Pourquoi ce recul des actions ? La lettre hebdo de La Financière de l’Echiquier

04/04/2018

Alors que le premier trimestre 2018 s’achève, le constat est sans appel : pour un investisseur en euros, aucun des grands indices actions n’est dans le vert. En découlent deux interrogations : pourquoi ce recul des actions ? Remet-il en cause le scénario macroéconomique ?

 

Malgré le retour notable de la volatilité sur les marchés d’actifs risqués, notre vision macroéconomique est inchangée. Le contexte reste celui d’une croissance mondiale solide et synchrone, avec des zones émergentes qui commencent à prendre le relais des économies développées, et d’une remontée progressive de l’inflation et des taux longs, en premier lieu aux Etats-Unis. Nous restons convaincus de la remontée des salaires aux Etats-Unis et du rapprochement de l’inflation, d’ici la fin de l’année, de la cible des 2%. Les déclarations de la Fed, malgré la prudence du discours de M. Powell, vont en ce sens.

 

Pourquoi alors une telle morosité sur les marchés actions ? D’une part, la première correction, début février, a été directement liée à la question inflationniste évoquée, avec une hausse surprise des salaires américains qui, en entraînant une violente réaction des marchés, aura au moins eu le mérite d’ancrer définitivement cette problématique dans l’esprit des investisseurs.

 

D’autre part, deux risques, absents des débats en 2017, ont de nouveau émergé. D’abord, le risque « micro », avec le secteur de la technologie qui a lourdement pesé sur les marchés fin mars. Les dynamiques propres à un secteur, voire à une valeur, capables de faire tanguer l’ensemble des marchés étaient un phénomène quelque peu oublié. Mais il n’est guère surprenant que sa réapparition provienne du secteur le plus performant et le plus détenu ces derniers trimestres.

 

Ensuite, et surtout, le risque politique et géopolitique, essentiellement concentré sur la figure de Donald Trump et ses volontés protectionnistes. Il s’agit toutefois jusqu’ici davantage de postures que d’actions propres à enrayer la dynamique de l’économie mondiale.
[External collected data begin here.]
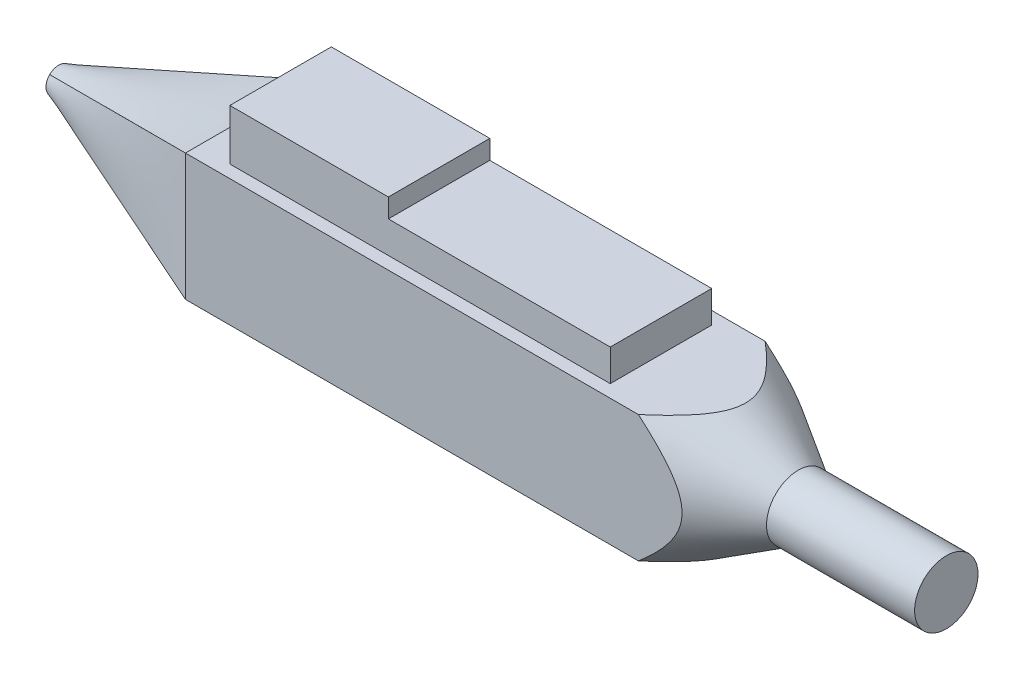
ISO-10303-21;
HEADER;
FILE_DESCRIPTION(('STEP AP214'),'2;1');
FILE_NAME('part.step','',(''),(''),'','','');
FILE_SCHEMA(('AUTOMOTIVE_DESIGN { 1 0 10303 214 1 1 1 1 }'));
ENDSEC;
DATA;
#1=APPLICATION_CONTEXT('core data for automotive mechanical design processes');
#2=APPLICATION_PROTOCOL_DEFINITION('international standard','automotive_design',2000,#1);
#3=PRODUCT_CONTEXT('',#1,'mechanical');
#4=PRODUCT('Part','Part','',(#3));
#5=PRODUCT_RELATED_PRODUCT_CATEGORY('part','',(#4));
#6=PRODUCT_DEFINITION_FORMATION('','',#4);
#7=PRODUCT_DEFINITION_CONTEXT('part definition',#1,'design');
#8=PRODUCT_DEFINITION('design','',#6,#7);
#9=PRODUCT_DEFINITION_SHAPE('','',#8);
#10=(LENGTH_UNIT() NAMED_UNIT(*) SI_UNIT(.MILLI.,.METRE.));
#11=(NAMED_UNIT(*) PLANE_ANGLE_UNIT() SI_UNIT($,.RADIAN.));
#12=(NAMED_UNIT(*) SI_UNIT($,.STERADIAN.) SOLID_ANGLE_UNIT());
#13=UNCERTAINTY_MEASURE_WITH_UNIT(LENGTH_MEASURE(1.E-05),#10,'distance_accuracy_value','');
#14=(GEOMETRIC_REPRESENTATION_CONTEXT(3) GLOBAL_UNCERTAINTY_ASSIGNED_CONTEXT((#13)) GLOBAL_UNIT_ASSIGNED_CONTEXT((#10,
#11,#12)) REPRESENTATION_CONTEXT('',''));
#15=CARTESIAN_POINT('',(0.,0.,0.));
#16=DIRECTION('',(0.,0.,1.));
#17=DIRECTION('',(1.,0.,0.));
#18=AXIS2_PLACEMENT_3D('',#15,#16,#17);
#19=CARTESIAN_POINT('',(0.,15.,0.));
#20=DIRECTION('',(0.,-1.,0.));
#21=DIRECTION('',(0.,0.,-1.));
#22=AXIS2_PLACEMENT_3D('',#19,#20,#21);
#23=PLANE('',#22);
#24=DIRECTION('',(0.,0.,-1.));
#25=VECTOR('',#24,1.);
#26=CARTESIAN_POINT('',(-5.,15.,-8.));
#27=LINE('',#26,#25);
#28=CARTESIAN_POINT('',(-5.,15.,8.));
#29=VERTEX_POINT('',#28);
#30=CARTESIAN_POINT('',(-5.,15.,-8.));
#31=VERTEX_POINT('',#30);
#32=EDGE_CURVE('E100',#29,#31,#27,.T.);
#33=ORIENTED_EDGE('',*,*,#32,.F.);
#34=DIRECTION('',(1.,0.,0.));
#35=VECTOR('',#34,1.);
#36=CARTESIAN_POINT('',(-30.,15.,8.));
#37=LINE('',#36,#35);
#38=CARTESIAN_POINT('',(30.,15.,8.));
#39=VERTEX_POINT('',#38);
#40=EDGE_CURVE('E224',#29,#39,#37,.T.);
#41=ORIENTED_EDGE('',*,*,#40,.T.);
#42=DIRECTION('',(0.,0.,-1.));
#43=VECTOR('',#42,1.);
#44=CARTESIAN_POINT('',(30.,15.,8.));
#45=LINE('',#44,#43);
#46=CARTESIAN_POINT('',(30.,15.,-8.));
#47=VERTEX_POINT('',#46);
#48=EDGE_CURVE('E216',#39,#47,#45,.T.);
#49=ORIENTED_EDGE('',*,*,#48,.T.);
#50=DIRECTION('',(-1.,0.,0.));
#51=VECTOR('',#50,1.);
#52=CARTESIAN_POINT('',(-30.,15.,-8.));
#53=LINE('',#52,#51);
#54=EDGE_CURVE('E220',#47,#31,#53,.T.);
#55=ORIENTED_EDGE('',*,*,#54,.T.);
#56=EDGE_LOOP('',(#33,#41,#49,#55));
#57=FACE_BOUND('',#56,.T.);
#58=ADVANCED_FACE('F77',(#57),#23,.F.);
#59=CARTESIAN_POINT('',(-35.,10.,-10.));
#60=DIRECTION('',(0.,1.,0.));
#61=DIRECTION('',(0.,0.,1.));
#62=AXIS2_PLACEMENT_3D('',#59,#60,#61);
#63=PLANE('',#62);
#64=DIRECTION('',(0.,0.,1.));
#65=VECTOR('',#64,1.);
#66=CARTESIAN_POINT('',(-35.,10.,-10.));
#67=LINE('',#66,#65);
#68=CARTESIAN_POINT('',(-35.,10.,-10.));
#69=VERTEX_POINT('',#68);
#70=CARTESIAN_POINT('',(-35.,10.,10.));
#71=VERTEX_POINT('',#70);
#72=EDGE_CURVE('E316',#69,#71,#67,.T.);
#73=ORIENTED_EDGE('',*,*,#72,.T.);
#74=DIRECTION('',(-1.,0.,0.));
#75=VECTOR('',#74,1.);
#76=CARTESIAN_POINT('',(-35.,10.,10.));
#77=LINE('',#76,#75);
#78=CARTESIAN_POINT('',(36.4277260800642,10.,10.));
#79=VERTEX_POINT('',#78);
#80=EDGE_CURVE('E323',#79,#71,#77,.T.);
#81=ORIENTED_EDGE('',*,*,#80,.F.);
#82=CARTESIAN_POINT('',(36.4277260800642,10.,10.));
#83=CARTESIAN_POINT('',(36.6579701905072,10.,9.80431700209805));
#84=CARTESIAN_POINT('',(36.8868402030193,10.,9.60699599659866));
#85=CARTESIAN_POINT('',(37.3412880846106,10.,9.20851020861762));
#86=CARTESIAN_POINT('',(37.5668652790757,10.,9.00734465745292));
#87=CARTESIAN_POINT('',(38.0154089206724,10.,8.59948141561774));
#88=CARTESIAN_POINT('',(38.2383521223816,10.,8.39275809408566));
#89=CARTESIAN_POINT('',(38.6794427460789,10.,7.97427421978591));
#90=CARTESIAN_POINT('',(38.8975904834556,10.,7.76251400020425));
#91=CARTESIAN_POINT('',(39.3358964050225,10.,7.32535955670521));
#92=CARTESIAN_POINT('',(39.5558400347789,10.,7.09974946314896));
#93=CARTESIAN_POINT('',(39.9880225612236,10.,6.64117396667784));
#94=CARTESIAN_POINT('',(40.200260373825,10.,6.40820753739615));
#95=CARTESIAN_POINT('',(40.6144833976441,10.,5.93427125050396));
#96=CARTESIAN_POINT('',(40.816491847635,10.,5.69332179989841));
#97=CARTESIAN_POINT('',(41.2080241019846,10.,5.20153839624695));
#98=CARTESIAN_POINT('',(41.3975526800176,10.,4.95070828202222));
#99=CARTESIAN_POINT('',(41.7078311068682,10.,4.51195125776544));
#100=CARTESIAN_POINT('',(41.8325927164225,10.,4.32686662735559));
#101=CARTESIAN_POINT('',(42.0722419483505,10.,3.95031636208399));
#102=CARTESIAN_POINT('',(42.1871276477973,10.,3.75884949457058));
#103=CARTESIAN_POINT('',(42.4043355985667,10.,3.37009083425741));
#104=CARTESIAN_POINT('',(42.5067160988686,10.,3.17283180864254));
#105=CARTESIAN_POINT('',(42.6970310222163,10.,2.77143710628962));
#106=CARTESIAN_POINT('',(42.7849685182514,10.,2.56730290352717));
#107=CARTESIAN_POINT('',(42.9300306177258,10.,2.18780015311988));
#108=CARTESIAN_POINT('',(42.9898525563668,10.,2.01346640770079));
#109=CARTESIAN_POINT('',(43.0959306438249,10.,1.66069593327497));
#110=CARTESIAN_POINT('',(43.1421881152691,10.,1.48225960612854));
#111=CARTESIAN_POINT('',(43.2195313105477,10.,1.12235331438243));
#112=CARTESIAN_POINT('',(43.2506377885369,10.,0.940887853812675));
#113=CARTESIAN_POINT('',(43.2965725637487,10.,0.575890418109581));
#114=CARTESIAN_POINT('',(43.3114013120031,10.,0.392358500377088));
#115=CARTESIAN_POINT('',(43.3241857413195,10.,0.0238794025062155));
#116=CARTESIAN_POINT('',(43.3220657766808,10.,-0.161070437689557));
#117=CARTESIAN_POINT('',(43.3008653252348,10.,-0.529983521345133));
#118=CARTESIAN_POINT('',(43.2817847963648,10.,-0.71394676235701));
#119=CARTESIAN_POINT('',(43.2274365851684,10.,-1.07959788229485));
#120=CARTESIAN_POINT('',(43.1921555363982,10.,-1.26128375484135));
#121=CARTESIAN_POINT('',(43.1067368123953,10.,-1.62111059711777));
#122=CARTESIAN_POINT('',(43.0565969282474,10.,-1.79925103557839));
#123=CARTESIAN_POINT('',(42.9210531798147,10.,-2.21952676508635));
#124=CARTESIAN_POINT('',(42.8295146187087,10.,-2.45968492459424));
#125=CARTESIAN_POINT('',(42.625445706637,10.,-2.93089198921819));
#126=CARTESIAN_POINT('',(42.5129041744265,10.,-3.16193596252655));
#127=CARTESIAN_POINT('',(42.2698580028304,10.,-3.61699418346018));
#128=CARTESIAN_POINT('',(42.1391991859239,10.,-3.84092530466756));
#129=CARTESIAN_POINT('',(41.8642311877281,10.,-4.28007549301963));
#130=CARTESIAN_POINT('',(41.7199257143812,10.,-4.4952969041205));
#131=CARTESIAN_POINT('',(41.387598227494,10.,-4.9642071843985));
#132=CARTESIAN_POINT('',(41.1969208253946,10.,-5.2160053568361));
#133=CARTESIAN_POINT('',(40.8030399890308,10.,-5.70966391819909));
#134=CARTESIAN_POINT('',(40.5998319962701,10.,-5.9515206365656));
#135=CARTESIAN_POINT('',(40.1831932466239,10.,-6.42720957716263));
#136=CARTESIAN_POINT('',(39.9697399036085,10.,-6.6610219171918));
#137=CARTESIAN_POINT('',(39.5351066951517,10.,-7.12125821387428));
#138=CARTESIAN_POINT('',(39.3139278800305,10.,-7.34768316685006));
#139=CARTESIAN_POINT('',(38.8761273606315,10.,-7.78348401085992));
#140=CARTESIAN_POINT('',(38.6597991706379,10.,-7.99315582198255));
#141=CARTESIAN_POINT('',(38.2224584034069,10.,-8.40757183318024));
#142=CARTESIAN_POINT('',(38.0014455424798,10.,-8.61231573322305));
#143=CARTESIAN_POINT('',(37.5568037805587,10.,-9.0163492750656));
#144=CARTESIAN_POINT('',(37.333197095975,10.,-9.21566342931389));
#145=CARTESIAN_POINT('',(36.8827520578375,10.,-9.61052105445092));
#146=CARTESIAN_POINT('',(36.6559143331247,10.,-9.80606524209425));
#147=CARTESIAN_POINT('',(36.4277260800642,10.,-10.));
#148=B_SPLINE_CURVE_WITH_KNOTS('',3,(#82,#83,#84,#85,#86,#87,#88,#89,#90,#91,#92,#93,#94,#95,
#96,#97,#98,#99,#100,#101,#102,#103,#104,#105,#106,#107,#108,#109,#110,#111,#112,#113,#114,#115,
#116,#117,#118,#119,#120,#121,#122,#123,#124,#125,#126,#127,#128,#129,#130,#131,#132,#133,#134,
#135,#136,#137,#138,#139,#140,#141,#142,#143,#144,#145,#146,#147),.UNSPECIFIED.,.F.,.F.,(4,2,2,
2,2,2,2,2,2,2,2,2,2,2,2,2,2,2,2,2,2,2,2,2,2,2,2,2,2,2,2,2,4),(0.,0.906510326435434,
1.81320383818188,2.72524506526281,3.63722612854821,4.58231754932622,5.52754141840162,
6.47051158573985,7.41311893683248,8.08249124235044,8.75199358673786,9.4182477538633,
10.0843599801869,10.6368167197363,11.1892195731001,11.7408635901011,12.292492321473,
12.8465844587537,13.4006779701991,13.9552294672094,14.5098634452661,15.2796143983178,
16.0497763148183,16.8269482925417,17.6039097077498,18.5509258702119,19.4982886031892,
20.4478454472875,21.397273692627,22.3009782796597,23.2047377496095,24.1033239435833,
25.0017375771655),.UNSPECIFIED.);
#149=CARTESIAN_POINT('',(36.4277260800642,10.,-10.));
#150=VERTEX_POINT('',#149);
#151=EDGE_CURVE('E93',#79,#150,#148,.T.);
#152=ORIENTED_EDGE('',*,*,#151,.T.);
#153=DIRECTION('',(-1.,0.,0.));
#154=VECTOR('',#153,1.);
#155=CARTESIAN_POINT('',(-35.,10.,-10.));
#156=LINE('',#155,#154);
#157=EDGE_CURVE('E318',#150,#69,#156,.T.);
#158=ORIENTED_EDGE('',*,*,#157,.T.);
#159=EDGE_LOOP('',(#73,#81,#152,#158));
#160=FACE_BOUND('',#159,.T.);
#161=DIRECTION('',(-1.,0.,0.));
#162=VECTOR('',#161,1.);
#163=CARTESIAN_POINT('',(-30.,10.,-8.));
#164=LINE('',#163,#162);
#165=CARTESIAN_POINT('',(30.,10.,-8.));
#166=VERTEX_POINT('',#165);
#167=CARTESIAN_POINT('',(-30.,10.,-8.));
#168=VERTEX_POINT('',#167);
#169=EDGE_CURVE('E230',#166,#168,#164,.T.);
#170=ORIENTED_EDGE('',*,*,#169,.F.);
#171=DIRECTION('',(0.,0.,-1.));
#172=VECTOR('',#171,1.);
#173=CARTESIAN_POINT('',(30.,10.,8.));
#174=LINE('',#173,#172);
#175=CARTESIAN_POINT('',(30.,10.,8.));
#176=VERTEX_POINT('',#175);
#177=EDGE_CURVE('E215',#176,#166,#174,.T.);
#178=ORIENTED_EDGE('',*,*,#177,.F.);
#179=DIRECTION('',(1.,0.,0.));
#180=VECTOR('',#179,1.);
#181=CARTESIAN_POINT('',(-30.,10.,8.));
#182=LINE('',#181,#180);
#183=CARTESIAN_POINT('',(-30.,10.,8.));
#184=VERTEX_POINT('',#183);
#185=EDGE_CURVE('E221',#184,#176,#182,.T.);
#186=ORIENTED_EDGE('',*,*,#185,.F.);
#187=DIRECTION('',(0.,0.,1.));
#188=VECTOR('',#187,1.);
#189=CARTESIAN_POINT('',(-30.,10.,8.));
#190=LINE('',#189,#188);
#191=EDGE_CURVE('E180',#168,#184,#190,.T.);
#192=ORIENTED_EDGE('',*,*,#191,.F.);
#193=EDGE_LOOP('',(#170,#178,#186,#192));
#194=FACE_BOUND('',#193,.T.);
#195=ADVANCED_FACE('F372',(#160,#194),#63,.T.);
#196=CARTESIAN_POINT('',(-35.,-10.,-10.));
#197=DIRECTION('',(0.,-1.,0.));
#198=DIRECTION('',(0.,0.,-1.));
#199=AXIS2_PLACEMENT_3D('',#196,#197,#198);
#200=PLANE('',#199);
#201=DIRECTION('',(1.,0.,0.));
#202=VECTOR('',#201,1.);
#203=CARTESIAN_POINT('',(-35.,-10.,-10.));
#204=LINE('',#203,#202);
#205=CARTESIAN_POINT('',(-35.,-10.,-10.));
#206=VERTEX_POINT('',#205);
#207=CARTESIAN_POINT('',(36.4277260800642,-10.,-10.));
#208=VERTEX_POINT('',#207);
#209=EDGE_CURVE('E308',#206,#208,#204,.T.);
#210=ORIENTED_EDGE('',*,*,#209,.T.);
#211=CARTESIAN_POINT('',(36.4277260800642,-10.,-10.));
#212=CARTESIAN_POINT('',(36.6579701905072,-10.,-9.80431700209805));
#213=CARTESIAN_POINT('',(36.8868402030193,-10.,-9.60699599659866));
#214=CARTESIAN_POINT('',(37.3412880846106,-10.,-9.20851020861763));
#215=CARTESIAN_POINT('',(37.5668652790757,-10.,-9.00734465745293));
#216=CARTESIAN_POINT('',(38.0154089206724,-10.,-8.59948141561774));
#217=CARTESIAN_POINT('',(38.2383521223816,-10.,-8.39275809408566));
#218=CARTESIAN_POINT('',(38.6794427460789,-10.,-7.97427421978591));
#219=CARTESIAN_POINT('',(38.8975904834556,-10.,-7.76251400020426));
#220=CARTESIAN_POINT('',(39.3358964050225,-10.,-7.32535955670522));
#221=CARTESIAN_POINT('',(39.5558400347789,-10.,-7.09974946314897));
#222=CARTESIAN_POINT('',(39.9880225612237,-10.,-6.64117396667784));
#223=CARTESIAN_POINT('',(40.200260373825,-10.,-6.40820753739615));
#224=CARTESIAN_POINT('',(40.6144833976441,-10.,-5.93427125050396));
#225=CARTESIAN_POINT('',(40.816491847635,-10.,-5.69332179989841));
#226=CARTESIAN_POINT('',(41.2080241019846,-10.,-5.20153839624695));
#227=CARTESIAN_POINT('',(41.3975526800176,-10.,-4.95070828202222));
#228=CARTESIAN_POINT('',(41.7078311068682,-10.,-4.51195125776544));
#229=CARTESIAN_POINT('',(41.8325927164226,-10.,-4.32686662735559));
#230=CARTESIAN_POINT('',(42.0722419483505,-10.,-3.95031636208399));
#231=CARTESIAN_POINT('',(42.1871276477974,-10.,-3.75884949457058));
#232=CARTESIAN_POINT('',(42.4043355985667,-10.,-3.37009083425741));
#233=CARTESIAN_POINT('',(42.5067160988686,-10.,-3.17283180864255));
#234=CARTESIAN_POINT('',(42.6970310222164,-10.,-2.77143710628962));
#235=CARTESIAN_POINT('',(42.7849685182514,-10.,-2.56730290352717));
#236=CARTESIAN_POINT('',(42.9300306177258,-10.,-2.18780015311989));
#237=CARTESIAN_POINT('',(42.9898525563668,-10.,-2.0134664077008));
#238=CARTESIAN_POINT('',(43.0959306438249,-10.,-1.66069593327497));
#239=CARTESIAN_POINT('',(43.1421881152691,-10.,-1.48225960612855));
#240=CARTESIAN_POINT('',(43.2195313105477,-10.,-1.12235331438243));
#241=CARTESIAN_POINT('',(43.2506377885369,-10.,-0.940887853812678));
#242=CARTESIAN_POINT('',(43.2965725637487,-10.,-0.575890418109582));
#243=CARTESIAN_POINT('',(43.3114013120031,-10.,-0.392358500377087));
#244=CARTESIAN_POINT('',(43.3241857413195,-10.,-0.023879402506213));
#245=CARTESIAN_POINT('',(43.3220657766808,-10.,0.16107043768956));
#246=CARTESIAN_POINT('',(43.3008653252348,-10.,0.529983521345135));
#247=CARTESIAN_POINT('',(43.2817847963648,-10.,0.713946762357011));
#248=CARTESIAN_POINT('',(43.2274365851684,-10.,1.07959788229485));
#249=CARTESIAN_POINT('',(43.1921555363982,-10.,1.26128375484136));
#250=CARTESIAN_POINT('',(43.1067368123954,-10.,1.62111059711777));
#251=CARTESIAN_POINT('',(43.0565969282474,-10.,1.79925103557839));
#252=CARTESIAN_POINT('',(42.9210531798147,-10.,2.21952676508635));
#253=CARTESIAN_POINT('',(42.8295146187087,-10.,2.45968492459425));
#254=CARTESIAN_POINT('',(42.625445706637,-10.,2.93089198921819));
#255=CARTESIAN_POINT('',(42.5129041744265,-10.,3.16193596252655));
#256=CARTESIAN_POINT('',(42.2698580028304,-10.,3.61699418346018));
#257=CARTESIAN_POINT('',(42.1391991859239,-10.,3.84092530466756));
#258=CARTESIAN_POINT('',(41.8642311877281,-10.,4.28007549301964));
#259=CARTESIAN_POINT('',(41.7199257143812,-10.,4.49529690412051));
#260=CARTESIAN_POINT('',(41.387598227494,-10.,4.96420718439851));
#261=CARTESIAN_POINT('',(41.1969208253946,-10.,5.2160053568361));
#262=CARTESIAN_POINT('',(40.8030399890308,-10.,5.7096639181991));
#263=CARTESIAN_POINT('',(40.5998319962701,-10.,5.9515206365656));
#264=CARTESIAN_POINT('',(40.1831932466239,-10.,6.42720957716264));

La réforme des tarifs douaniers sur l’acier et l’aluminium l’illustre : les exemptions accordées aux différents pays représentent près de 70% des imports américains. Si les marchés ne sont pas habitués à la méthode Trump, elle constitue néanmoins une méthode de négociation. Les réponses des autorités chinoises aux attaques du Président américain restent d’ailleurs pour le moment mesurées. Le risque de voir s’installer une guerre commerciale d’ampleur semble faible, bien plus faible que celui de voir Donald Trump multiplier les déclarations polémiques d’ici les élections de mi-mandat.

 

Malgré leur impact négatif sur les actions, ces éléments ne remettent pas en cause notre analyse de la situation macroéconomique, en particulier de la solidité de l’économie mondiale. Il faut donc prendre ces moments de stress de marchés pour ce qu’ils sont : des opportunités de trouver des points d’entrée sur certains dossiers et de voir les valorisations redevenir plus raisonnables.

 

 

Telex

 

?   Remettez-en un peu. La dernière estimation de la croissance du PIB américain pour le 4e trimestre a révélé une croissance à +2,9% alors que le consensus tablait sur la constance (+2,5%). Ce sont notamment les révisions à la hausse de la consommation des ménages et de l’investissement des entreprises surtout qui ont contribué à cette augmentation.

 

?   Léger coup de frein. A un niveau jusqu’ici très élevé, la confiance des consommateurs américains a connu un premier tassement en mars : l’indice du Conference Board a reculé à 127,7 alors qu’il était attendu en légère hausse à 131, et le chiffre de février a été révisé à la baisse (130,0 contre 130,8). Même constat avec l’indice de l’Université du Michigan, ressorti en recul à 101,4 alors qu’il était attendu stable à 102,0.

 

?  Trou d’air, épisode 2. Dans la lignée du recul des indices PMI, l’indicateur de confiance économique de la zone euro publié par la Commission européenne est ressorti en baisse en mars pour le troisième mois consécutif, de manière un peu plus forte qu’attendu (112,6 contre 113,3). Rappelons toutefois que le niveau atteint il y a trois mois était un plus haut depuis octobre 2000 et que les chiffres actuels restent cohérents avec une croissance solide de l’activité.

 

?  Sans surprise. Les indices des prix à la consommation en France et en Allemagne sont ressortis en ligne avec les attentes : légèrement inférieure en Allemagne (+1,6% sur un an contre +1,7% attendu) et légèrement supérieure en France (+1,5% contre +1,4%), cette progression des prix devrait conduire les chiffres de la zone euro à s’afficher en ligne avec les attentes (+1,4% sur un an).